March 29, 2024

Europe Inches Closer to Establishing a Banking Union

BERLIN — Europe inched closer Wednesday to establishing a European banking union for the Continent’s largest lenders after the cabinet of the German cabinet approved legislation that would grant to the European Central Bank oversight of such institutions.

The decision by the cabinet of Chancellor Angela Merkel came a day after Finance Minister Wolfgang Schäuble, indicated that he supported moving ahead with efforts to create a banking union, despite Germany’s official stance that the step would ultimately require changes to European treaties.

The legislation, which awaits action by the German Parliament, would grant the E.C.B. the authority to oversee the Continent’s largest lenders: those worth more than €30 billion, or $39.5 billion, or the three largest banks in each of the 17 European Union countries using the euro.

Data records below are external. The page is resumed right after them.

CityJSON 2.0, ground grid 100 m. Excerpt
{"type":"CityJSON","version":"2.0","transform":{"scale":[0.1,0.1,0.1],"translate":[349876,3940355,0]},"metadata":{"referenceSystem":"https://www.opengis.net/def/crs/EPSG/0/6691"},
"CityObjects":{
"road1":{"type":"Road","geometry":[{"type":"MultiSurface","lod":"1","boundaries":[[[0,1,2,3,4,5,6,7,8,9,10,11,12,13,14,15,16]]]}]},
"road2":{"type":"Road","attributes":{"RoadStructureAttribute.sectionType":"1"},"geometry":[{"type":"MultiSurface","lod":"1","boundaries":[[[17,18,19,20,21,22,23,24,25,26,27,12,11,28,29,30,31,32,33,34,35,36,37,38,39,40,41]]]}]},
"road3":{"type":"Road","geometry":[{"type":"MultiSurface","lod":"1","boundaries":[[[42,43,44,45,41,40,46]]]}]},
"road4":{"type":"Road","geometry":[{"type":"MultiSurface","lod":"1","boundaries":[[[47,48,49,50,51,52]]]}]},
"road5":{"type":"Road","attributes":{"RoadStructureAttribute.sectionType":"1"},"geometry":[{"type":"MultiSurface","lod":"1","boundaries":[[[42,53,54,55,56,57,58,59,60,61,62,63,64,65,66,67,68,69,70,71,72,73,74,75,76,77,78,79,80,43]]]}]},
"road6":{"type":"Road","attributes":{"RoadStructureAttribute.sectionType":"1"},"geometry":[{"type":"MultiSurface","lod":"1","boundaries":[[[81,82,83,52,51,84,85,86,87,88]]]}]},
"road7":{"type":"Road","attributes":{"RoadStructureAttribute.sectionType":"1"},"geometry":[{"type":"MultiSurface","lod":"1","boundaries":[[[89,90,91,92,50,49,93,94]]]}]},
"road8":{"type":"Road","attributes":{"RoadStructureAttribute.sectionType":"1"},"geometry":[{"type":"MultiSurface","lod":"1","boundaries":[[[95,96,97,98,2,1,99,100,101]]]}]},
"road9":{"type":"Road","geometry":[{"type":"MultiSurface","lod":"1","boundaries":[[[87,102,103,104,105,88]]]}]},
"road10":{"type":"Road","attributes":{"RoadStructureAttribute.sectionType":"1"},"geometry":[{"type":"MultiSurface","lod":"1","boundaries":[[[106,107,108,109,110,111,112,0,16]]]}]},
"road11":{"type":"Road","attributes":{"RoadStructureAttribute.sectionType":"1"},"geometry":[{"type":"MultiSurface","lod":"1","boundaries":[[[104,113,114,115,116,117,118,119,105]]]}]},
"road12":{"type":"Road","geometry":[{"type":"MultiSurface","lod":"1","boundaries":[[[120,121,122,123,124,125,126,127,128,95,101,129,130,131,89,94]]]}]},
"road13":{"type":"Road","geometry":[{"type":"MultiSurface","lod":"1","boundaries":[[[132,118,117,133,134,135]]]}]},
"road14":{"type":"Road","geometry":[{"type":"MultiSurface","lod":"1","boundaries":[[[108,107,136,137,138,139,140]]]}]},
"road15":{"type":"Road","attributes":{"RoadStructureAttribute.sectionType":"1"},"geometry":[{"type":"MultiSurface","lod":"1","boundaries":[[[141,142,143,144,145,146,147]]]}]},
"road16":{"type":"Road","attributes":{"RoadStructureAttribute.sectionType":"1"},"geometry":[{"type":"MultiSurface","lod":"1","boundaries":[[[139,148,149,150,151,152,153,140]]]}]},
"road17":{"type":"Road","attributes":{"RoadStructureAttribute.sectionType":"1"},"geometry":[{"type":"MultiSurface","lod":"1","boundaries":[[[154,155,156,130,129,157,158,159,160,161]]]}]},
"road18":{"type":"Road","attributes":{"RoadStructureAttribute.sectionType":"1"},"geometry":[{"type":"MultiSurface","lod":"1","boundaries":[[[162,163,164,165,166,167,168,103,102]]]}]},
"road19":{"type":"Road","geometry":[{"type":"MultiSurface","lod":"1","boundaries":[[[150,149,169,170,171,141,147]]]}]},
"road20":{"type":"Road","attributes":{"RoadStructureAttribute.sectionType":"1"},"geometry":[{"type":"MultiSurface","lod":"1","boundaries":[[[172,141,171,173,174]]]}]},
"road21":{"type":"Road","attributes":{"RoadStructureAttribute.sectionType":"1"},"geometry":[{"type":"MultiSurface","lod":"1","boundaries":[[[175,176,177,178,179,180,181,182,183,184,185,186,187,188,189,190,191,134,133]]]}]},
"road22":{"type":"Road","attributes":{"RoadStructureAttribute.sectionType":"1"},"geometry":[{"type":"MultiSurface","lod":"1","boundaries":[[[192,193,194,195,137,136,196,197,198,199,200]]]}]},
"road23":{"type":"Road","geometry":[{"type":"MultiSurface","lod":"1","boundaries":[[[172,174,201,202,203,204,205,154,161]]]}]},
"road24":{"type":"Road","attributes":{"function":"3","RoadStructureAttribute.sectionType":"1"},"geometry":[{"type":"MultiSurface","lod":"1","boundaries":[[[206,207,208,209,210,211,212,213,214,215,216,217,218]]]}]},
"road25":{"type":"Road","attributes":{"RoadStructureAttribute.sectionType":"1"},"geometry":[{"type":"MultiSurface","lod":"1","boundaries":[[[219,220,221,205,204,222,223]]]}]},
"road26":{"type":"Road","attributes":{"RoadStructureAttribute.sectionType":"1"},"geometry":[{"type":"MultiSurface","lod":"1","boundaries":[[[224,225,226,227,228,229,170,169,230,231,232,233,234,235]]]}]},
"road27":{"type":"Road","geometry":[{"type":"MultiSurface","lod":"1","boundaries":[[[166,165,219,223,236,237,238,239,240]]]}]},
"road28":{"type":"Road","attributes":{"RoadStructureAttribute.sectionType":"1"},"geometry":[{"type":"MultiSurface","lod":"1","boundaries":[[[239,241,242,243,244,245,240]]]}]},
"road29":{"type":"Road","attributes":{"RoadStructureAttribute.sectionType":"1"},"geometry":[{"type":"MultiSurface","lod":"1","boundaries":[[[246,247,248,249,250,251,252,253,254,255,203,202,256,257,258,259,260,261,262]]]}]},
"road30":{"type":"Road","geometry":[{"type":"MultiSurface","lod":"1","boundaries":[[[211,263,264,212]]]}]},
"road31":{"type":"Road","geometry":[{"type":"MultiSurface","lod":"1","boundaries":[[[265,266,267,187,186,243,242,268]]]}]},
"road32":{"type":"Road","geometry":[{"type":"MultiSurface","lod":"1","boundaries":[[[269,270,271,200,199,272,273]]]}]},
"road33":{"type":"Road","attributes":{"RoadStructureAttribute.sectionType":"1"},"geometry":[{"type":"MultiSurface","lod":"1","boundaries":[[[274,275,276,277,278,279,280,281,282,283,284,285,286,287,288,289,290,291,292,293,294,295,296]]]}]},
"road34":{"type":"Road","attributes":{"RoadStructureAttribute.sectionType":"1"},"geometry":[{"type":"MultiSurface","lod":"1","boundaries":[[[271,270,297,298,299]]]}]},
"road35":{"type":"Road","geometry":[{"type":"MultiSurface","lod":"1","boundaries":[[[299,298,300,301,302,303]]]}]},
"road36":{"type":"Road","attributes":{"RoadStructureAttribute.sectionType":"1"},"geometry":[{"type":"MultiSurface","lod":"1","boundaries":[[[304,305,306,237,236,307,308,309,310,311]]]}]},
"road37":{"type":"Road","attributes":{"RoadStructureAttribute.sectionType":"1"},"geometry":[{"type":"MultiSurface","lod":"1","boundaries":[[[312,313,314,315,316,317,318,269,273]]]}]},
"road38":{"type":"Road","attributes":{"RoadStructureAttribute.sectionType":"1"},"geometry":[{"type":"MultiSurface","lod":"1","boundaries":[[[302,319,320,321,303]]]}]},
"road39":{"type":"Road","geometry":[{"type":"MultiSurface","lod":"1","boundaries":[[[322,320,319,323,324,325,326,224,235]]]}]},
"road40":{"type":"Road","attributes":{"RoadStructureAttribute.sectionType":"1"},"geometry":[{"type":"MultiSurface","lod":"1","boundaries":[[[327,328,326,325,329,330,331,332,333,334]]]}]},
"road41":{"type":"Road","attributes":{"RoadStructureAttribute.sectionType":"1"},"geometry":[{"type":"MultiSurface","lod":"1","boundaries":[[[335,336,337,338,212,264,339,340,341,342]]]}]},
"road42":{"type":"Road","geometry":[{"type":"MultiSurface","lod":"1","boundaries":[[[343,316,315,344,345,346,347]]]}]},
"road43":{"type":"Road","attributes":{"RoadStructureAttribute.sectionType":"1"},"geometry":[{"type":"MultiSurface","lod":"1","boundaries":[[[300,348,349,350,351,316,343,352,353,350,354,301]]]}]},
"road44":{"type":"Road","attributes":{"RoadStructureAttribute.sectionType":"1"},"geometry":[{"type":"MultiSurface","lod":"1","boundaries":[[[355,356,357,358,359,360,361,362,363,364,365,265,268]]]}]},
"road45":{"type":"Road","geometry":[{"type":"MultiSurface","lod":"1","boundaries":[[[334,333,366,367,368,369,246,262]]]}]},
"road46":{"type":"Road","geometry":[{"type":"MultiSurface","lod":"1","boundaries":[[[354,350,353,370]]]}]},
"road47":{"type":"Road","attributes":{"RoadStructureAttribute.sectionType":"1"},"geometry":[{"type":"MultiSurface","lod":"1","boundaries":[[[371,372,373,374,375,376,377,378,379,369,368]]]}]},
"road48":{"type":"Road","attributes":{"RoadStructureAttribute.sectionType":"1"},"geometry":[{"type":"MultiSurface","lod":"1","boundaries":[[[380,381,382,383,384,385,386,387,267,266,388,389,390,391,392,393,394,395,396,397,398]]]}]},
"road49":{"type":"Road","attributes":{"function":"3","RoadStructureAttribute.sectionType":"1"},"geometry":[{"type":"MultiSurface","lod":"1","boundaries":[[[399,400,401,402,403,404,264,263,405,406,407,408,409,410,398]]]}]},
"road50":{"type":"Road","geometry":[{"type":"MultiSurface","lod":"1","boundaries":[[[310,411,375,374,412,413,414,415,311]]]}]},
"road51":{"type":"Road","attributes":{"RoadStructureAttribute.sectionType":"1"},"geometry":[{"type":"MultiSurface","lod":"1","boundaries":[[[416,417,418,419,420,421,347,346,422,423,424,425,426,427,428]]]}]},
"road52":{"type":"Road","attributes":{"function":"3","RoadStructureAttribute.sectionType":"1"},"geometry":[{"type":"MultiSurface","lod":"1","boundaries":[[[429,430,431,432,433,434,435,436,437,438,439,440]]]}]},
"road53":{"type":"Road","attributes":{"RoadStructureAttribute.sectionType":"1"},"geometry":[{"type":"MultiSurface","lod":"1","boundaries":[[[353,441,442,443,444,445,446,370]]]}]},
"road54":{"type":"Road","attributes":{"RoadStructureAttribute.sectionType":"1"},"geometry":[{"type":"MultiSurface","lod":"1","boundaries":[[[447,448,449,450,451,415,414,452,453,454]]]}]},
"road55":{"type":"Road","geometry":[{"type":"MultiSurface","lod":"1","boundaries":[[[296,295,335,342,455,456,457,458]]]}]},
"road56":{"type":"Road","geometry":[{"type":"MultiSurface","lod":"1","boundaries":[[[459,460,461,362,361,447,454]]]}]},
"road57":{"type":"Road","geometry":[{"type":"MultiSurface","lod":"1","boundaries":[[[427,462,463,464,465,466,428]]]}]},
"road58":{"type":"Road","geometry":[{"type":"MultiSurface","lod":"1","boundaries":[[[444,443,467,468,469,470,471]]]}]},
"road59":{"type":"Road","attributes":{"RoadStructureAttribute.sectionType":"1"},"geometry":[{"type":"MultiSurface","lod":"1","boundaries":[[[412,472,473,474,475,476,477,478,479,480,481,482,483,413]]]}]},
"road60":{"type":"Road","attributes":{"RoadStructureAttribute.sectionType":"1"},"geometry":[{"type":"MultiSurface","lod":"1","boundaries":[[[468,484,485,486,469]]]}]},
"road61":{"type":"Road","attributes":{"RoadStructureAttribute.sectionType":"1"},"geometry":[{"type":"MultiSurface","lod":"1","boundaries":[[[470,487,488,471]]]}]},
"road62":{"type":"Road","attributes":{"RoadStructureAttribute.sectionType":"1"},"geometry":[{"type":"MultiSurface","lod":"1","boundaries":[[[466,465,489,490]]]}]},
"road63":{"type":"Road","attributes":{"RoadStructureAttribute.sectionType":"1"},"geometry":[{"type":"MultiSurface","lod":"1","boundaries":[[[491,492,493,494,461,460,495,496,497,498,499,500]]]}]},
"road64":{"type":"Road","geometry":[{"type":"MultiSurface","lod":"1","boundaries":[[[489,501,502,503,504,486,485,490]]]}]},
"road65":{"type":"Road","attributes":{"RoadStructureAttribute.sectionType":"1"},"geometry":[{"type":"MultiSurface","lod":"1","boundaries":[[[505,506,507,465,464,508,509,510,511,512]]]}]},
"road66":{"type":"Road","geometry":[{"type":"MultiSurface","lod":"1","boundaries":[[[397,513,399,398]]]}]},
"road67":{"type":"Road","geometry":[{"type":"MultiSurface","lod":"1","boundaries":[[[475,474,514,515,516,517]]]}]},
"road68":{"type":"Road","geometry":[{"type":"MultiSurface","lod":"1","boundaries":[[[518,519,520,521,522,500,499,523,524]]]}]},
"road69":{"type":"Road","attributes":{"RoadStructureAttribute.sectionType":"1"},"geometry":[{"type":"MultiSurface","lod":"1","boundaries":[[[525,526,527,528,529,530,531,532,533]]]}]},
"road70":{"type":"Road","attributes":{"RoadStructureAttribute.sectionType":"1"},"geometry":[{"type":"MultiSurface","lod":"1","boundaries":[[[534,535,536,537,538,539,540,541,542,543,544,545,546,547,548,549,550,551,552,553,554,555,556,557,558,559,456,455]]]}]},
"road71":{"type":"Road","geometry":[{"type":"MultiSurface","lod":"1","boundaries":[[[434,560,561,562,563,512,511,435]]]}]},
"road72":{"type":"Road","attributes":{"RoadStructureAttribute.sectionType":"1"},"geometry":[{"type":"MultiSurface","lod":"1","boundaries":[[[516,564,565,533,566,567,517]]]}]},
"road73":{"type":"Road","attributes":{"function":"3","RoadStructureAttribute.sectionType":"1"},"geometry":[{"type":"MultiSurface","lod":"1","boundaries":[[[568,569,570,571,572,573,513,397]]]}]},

As part of efforts to help resolve the debt crisis in the euro zone, E.U. leaders agreed last year to establish a banking union with the aim of preventing overly indebted states from having to bail out failing banks.

While the German cabinet’s decision moves a banking union a step closer to becoming reality, it does not resolve arguments over how to unwind failing banks, one of the problems a banking union would address.

Jörg Asmussen, a member of the E.C.B.’s Governing Council, emphasized in comments Wednesday in Brussels that Europe needed a strong authority capable of making quick and impartial decisions on winding up banks.

“Only then we will be able to break the negative interaction between sovereigns and their banking systems,” Mr. Asmussen told a European Parliament committee, Reuters reported.

But the question of how to regulate banks under a banking union has been politically contentious as the European debt crisis continues.

German officials, in particular, have been viewed as dragging their feet in arguing that establishing a sound, lasting bank supervision authority was more important than speed. Mr. Schäuble has said that creating a mechanism would require changes to E.U. treaties, a process that could slow the effort considerably.

Martin Kotthaus, a spokesman for Mr. Schäuble, said Wednesday: “For a new central authority, we would need treaty change because there is no enabling power for such an authority. It must be completely watertight.”